Толстой хочет уверить, что «после деревни и в том серьезном настроении, в котором находилась Наташа» — она никакими другими глазами, кроме таких же примитвных, простецких, не могла смотреть на представление.
В этом — не мало фальши. Что ни говори, а Наташа не мужичка; если она и приехала из деревни, то не из курной [102] избы, а из роскошной барской усадьбы. Кроме того, она уже танцевала на балах, знает блеск обеих столиц, да и в театре сидит не впервые. Продолжительное пребывание в деревне могло оставить на ней печать, но совсем не ту, о которой повествует Толстой. Героиня взята явно неподходящая для описываемых переживаний. Можно даже выразить недоумение, как это Толстой, столь чуткий к правде тончайших душевных движений, мог допустить очевидное несоответствие? Но подмена совершена сугубая. Будь в ложе на месте Наташи простой крестьянин, описания Толстого не выражали бы и его переживаний. Для него, как для московских послов, зрелище было бы малопонятно, но полно необычайного интереса как «диковина». У такого зрителя элемент насмешки и критики совершенно исключен. Спектакль мог его утомить, но у него не могло возникнуть протеста, как у Наташи, для которой будто бы «всё это было так вычурно, фальшиво и ненатурально, что ей становилось то совестно за актеров, то смешно на них».

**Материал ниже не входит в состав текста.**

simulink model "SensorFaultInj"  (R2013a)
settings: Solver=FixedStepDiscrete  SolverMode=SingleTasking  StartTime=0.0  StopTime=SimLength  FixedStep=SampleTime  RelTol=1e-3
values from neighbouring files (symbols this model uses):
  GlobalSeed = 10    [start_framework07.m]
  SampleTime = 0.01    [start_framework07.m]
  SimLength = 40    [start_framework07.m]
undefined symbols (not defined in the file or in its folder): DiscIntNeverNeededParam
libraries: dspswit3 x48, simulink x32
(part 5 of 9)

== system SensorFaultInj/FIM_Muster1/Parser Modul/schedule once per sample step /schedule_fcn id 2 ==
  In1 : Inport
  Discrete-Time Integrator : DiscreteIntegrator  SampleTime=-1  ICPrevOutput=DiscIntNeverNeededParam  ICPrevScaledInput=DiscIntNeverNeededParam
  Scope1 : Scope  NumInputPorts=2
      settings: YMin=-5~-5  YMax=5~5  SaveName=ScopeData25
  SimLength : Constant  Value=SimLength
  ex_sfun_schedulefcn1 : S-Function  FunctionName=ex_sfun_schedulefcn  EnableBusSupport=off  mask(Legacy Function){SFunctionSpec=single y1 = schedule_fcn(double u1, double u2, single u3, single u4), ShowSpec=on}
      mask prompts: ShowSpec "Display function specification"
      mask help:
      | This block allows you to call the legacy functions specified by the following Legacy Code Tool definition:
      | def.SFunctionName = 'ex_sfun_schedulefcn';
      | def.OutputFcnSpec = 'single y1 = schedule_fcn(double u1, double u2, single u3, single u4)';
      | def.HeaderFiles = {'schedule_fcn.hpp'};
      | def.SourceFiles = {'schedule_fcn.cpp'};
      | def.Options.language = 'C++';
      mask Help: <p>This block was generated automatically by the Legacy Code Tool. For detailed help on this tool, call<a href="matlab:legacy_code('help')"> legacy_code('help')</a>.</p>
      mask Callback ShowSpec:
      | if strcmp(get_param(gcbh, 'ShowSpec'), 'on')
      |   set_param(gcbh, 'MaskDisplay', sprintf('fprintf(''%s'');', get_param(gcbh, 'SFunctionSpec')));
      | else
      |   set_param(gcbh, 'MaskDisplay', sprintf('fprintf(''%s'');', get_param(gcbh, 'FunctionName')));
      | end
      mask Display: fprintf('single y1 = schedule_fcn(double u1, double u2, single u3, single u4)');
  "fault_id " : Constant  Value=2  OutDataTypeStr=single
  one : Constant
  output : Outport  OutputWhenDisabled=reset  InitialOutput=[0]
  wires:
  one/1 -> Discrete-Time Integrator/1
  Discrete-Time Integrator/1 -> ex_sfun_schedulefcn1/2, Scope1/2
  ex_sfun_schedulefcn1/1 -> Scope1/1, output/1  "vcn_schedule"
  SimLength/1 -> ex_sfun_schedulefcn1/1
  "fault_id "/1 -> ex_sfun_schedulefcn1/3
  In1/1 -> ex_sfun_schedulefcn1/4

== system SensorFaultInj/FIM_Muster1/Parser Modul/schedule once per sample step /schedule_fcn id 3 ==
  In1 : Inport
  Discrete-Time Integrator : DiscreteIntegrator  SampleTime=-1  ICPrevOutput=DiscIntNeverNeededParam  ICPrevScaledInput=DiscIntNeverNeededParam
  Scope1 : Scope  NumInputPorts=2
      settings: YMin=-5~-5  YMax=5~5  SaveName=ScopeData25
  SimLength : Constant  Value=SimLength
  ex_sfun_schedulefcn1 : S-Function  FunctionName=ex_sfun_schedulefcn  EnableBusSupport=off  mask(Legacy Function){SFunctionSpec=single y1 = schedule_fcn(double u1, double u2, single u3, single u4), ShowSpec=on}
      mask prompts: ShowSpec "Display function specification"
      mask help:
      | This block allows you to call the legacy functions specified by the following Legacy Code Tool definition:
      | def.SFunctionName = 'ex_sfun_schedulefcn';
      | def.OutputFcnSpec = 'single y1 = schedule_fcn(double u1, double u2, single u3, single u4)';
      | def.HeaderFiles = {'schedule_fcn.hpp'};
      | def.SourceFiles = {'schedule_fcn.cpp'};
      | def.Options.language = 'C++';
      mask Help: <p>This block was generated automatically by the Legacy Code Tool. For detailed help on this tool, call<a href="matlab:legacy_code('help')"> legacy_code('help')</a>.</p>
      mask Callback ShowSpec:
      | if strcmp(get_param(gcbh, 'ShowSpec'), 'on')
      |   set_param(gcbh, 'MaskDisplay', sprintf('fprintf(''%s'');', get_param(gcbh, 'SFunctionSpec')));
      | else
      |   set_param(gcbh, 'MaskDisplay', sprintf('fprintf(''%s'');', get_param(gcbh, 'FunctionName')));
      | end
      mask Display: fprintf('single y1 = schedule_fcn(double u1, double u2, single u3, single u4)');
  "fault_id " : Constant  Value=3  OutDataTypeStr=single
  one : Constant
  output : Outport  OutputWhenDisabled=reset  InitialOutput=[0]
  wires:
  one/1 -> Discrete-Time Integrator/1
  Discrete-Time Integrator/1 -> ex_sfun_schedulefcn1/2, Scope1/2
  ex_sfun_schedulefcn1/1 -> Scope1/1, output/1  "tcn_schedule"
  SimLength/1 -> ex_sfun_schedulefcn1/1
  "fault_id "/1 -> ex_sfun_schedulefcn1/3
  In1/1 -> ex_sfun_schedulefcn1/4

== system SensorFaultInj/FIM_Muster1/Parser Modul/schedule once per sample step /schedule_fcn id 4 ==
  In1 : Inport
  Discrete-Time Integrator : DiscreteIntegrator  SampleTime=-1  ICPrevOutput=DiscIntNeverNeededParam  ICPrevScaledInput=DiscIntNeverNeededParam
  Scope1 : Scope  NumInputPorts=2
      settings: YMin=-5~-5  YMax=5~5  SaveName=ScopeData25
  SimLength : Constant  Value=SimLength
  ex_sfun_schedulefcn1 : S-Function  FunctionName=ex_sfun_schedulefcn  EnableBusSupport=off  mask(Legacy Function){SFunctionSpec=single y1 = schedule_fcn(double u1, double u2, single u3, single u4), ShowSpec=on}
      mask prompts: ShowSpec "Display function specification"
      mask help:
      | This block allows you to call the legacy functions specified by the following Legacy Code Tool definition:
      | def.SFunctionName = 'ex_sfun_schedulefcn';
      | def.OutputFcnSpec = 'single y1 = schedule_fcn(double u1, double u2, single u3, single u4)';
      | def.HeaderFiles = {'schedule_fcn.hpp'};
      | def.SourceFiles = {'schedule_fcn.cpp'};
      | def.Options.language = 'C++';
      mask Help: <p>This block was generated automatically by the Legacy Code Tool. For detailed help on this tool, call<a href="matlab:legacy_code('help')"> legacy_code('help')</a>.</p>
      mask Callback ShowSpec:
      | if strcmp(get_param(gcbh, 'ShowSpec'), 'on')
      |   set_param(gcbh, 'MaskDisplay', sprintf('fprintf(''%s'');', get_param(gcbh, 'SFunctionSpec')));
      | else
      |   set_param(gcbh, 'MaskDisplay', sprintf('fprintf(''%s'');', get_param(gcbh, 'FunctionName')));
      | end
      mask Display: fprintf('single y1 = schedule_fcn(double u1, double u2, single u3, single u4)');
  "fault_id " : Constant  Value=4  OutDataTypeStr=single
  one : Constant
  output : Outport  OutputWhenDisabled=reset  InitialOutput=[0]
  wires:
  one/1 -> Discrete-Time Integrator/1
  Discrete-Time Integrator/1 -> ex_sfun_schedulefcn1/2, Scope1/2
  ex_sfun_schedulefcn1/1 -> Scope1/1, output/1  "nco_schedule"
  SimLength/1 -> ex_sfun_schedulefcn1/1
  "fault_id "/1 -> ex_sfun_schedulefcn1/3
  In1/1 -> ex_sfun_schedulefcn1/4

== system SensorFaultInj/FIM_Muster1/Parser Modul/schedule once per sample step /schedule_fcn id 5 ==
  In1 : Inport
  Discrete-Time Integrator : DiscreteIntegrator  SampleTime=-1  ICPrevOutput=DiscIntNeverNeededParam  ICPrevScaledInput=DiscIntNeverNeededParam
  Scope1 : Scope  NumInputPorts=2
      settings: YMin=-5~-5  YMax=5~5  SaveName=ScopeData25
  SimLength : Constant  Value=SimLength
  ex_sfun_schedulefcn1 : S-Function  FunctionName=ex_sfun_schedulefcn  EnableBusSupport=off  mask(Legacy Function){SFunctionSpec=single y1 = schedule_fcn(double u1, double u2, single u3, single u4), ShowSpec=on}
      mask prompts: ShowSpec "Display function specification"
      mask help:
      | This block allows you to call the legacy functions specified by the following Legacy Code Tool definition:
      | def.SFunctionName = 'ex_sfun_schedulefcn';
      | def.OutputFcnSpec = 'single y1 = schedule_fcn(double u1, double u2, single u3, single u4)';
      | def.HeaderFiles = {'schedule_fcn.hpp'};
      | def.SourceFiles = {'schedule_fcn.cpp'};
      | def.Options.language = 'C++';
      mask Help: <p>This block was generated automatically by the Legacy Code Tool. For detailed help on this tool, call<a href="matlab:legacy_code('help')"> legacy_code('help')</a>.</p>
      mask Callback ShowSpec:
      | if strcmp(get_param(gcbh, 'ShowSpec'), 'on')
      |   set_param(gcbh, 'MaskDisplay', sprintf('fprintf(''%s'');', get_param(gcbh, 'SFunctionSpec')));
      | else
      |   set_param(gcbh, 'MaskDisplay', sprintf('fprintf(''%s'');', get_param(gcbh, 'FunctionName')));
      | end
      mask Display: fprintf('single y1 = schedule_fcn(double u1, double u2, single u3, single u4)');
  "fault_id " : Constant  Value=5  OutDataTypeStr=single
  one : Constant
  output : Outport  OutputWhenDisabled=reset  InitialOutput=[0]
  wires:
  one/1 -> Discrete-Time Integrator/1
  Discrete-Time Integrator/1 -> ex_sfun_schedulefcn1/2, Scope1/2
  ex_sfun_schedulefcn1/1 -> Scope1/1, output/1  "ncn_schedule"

Спрашивается, почему условность театрального искусства, понятная всему зрительному залу, была непонятна одной этой девочке, более других склонной к его пониманию и по возрасту, и по деревенской простоте, приписанной ей автором?
Совершенно очевидно, что приписана не одна простота. Колдовской, завораживающей силой своего мастерства Толстой сумел незаметно для читателя «подкинуть» Наташе чуждый ей комплекс переживаний и заставить нас поверить в натуральность ее презрения к актерам за их фальшь и ненатуральность. Не Наташино это презрение и не ее первую заставляет Толстой презирать театр. В сказке о девочке Вареньке театр тоже не нравится детям, и не нравится по той же причине, что и Наташе — ненатурально, ненастоящее. «Неужели это настоящие девочки?» — спрашивают они, глядя на сцену. И когда их уверяют в этом, они обижаются: «которые с нами рядом сидят, я вижу, что настоящие, а те — я не знаю». И аплодисменты кажутся детям такими же смешными и нелепыми, как Наташе. Ясно, что не герои, а сам Толстой смеется, презирает, ненавидит то искусство, о котором редкий из больших людей не вспоминал с благодарностью и любовью. «Театр, — о, это истинный храм искусства, при входе в который вы мгновенно отделяетесь от земли, освобождаетесь от житейских отношений! — восклицал Белинский… — Ступайте, [103] ступайте в театр, живите и умрите в нем, если можете!» Толстой же твердит только об отвращении к сцене. Недавно Л. Сабанеев рассказал, как Лев Николаевич с возмущением вышел из ложи Большого театра во время представления «Зигфрида» — той оперы, на которую он написал такой «уничтожающий» пасквиль в трактате «Что такое искусство?». Трактат и объясняет нам в полной мере его неприязнь к театру. Всю жизнь он его гнал, бичевал, развенчивал, и кто бы из его героев ни сидел в театре, он должен был всегда выражать одни и те же толстовские, а не свои собственные чувства.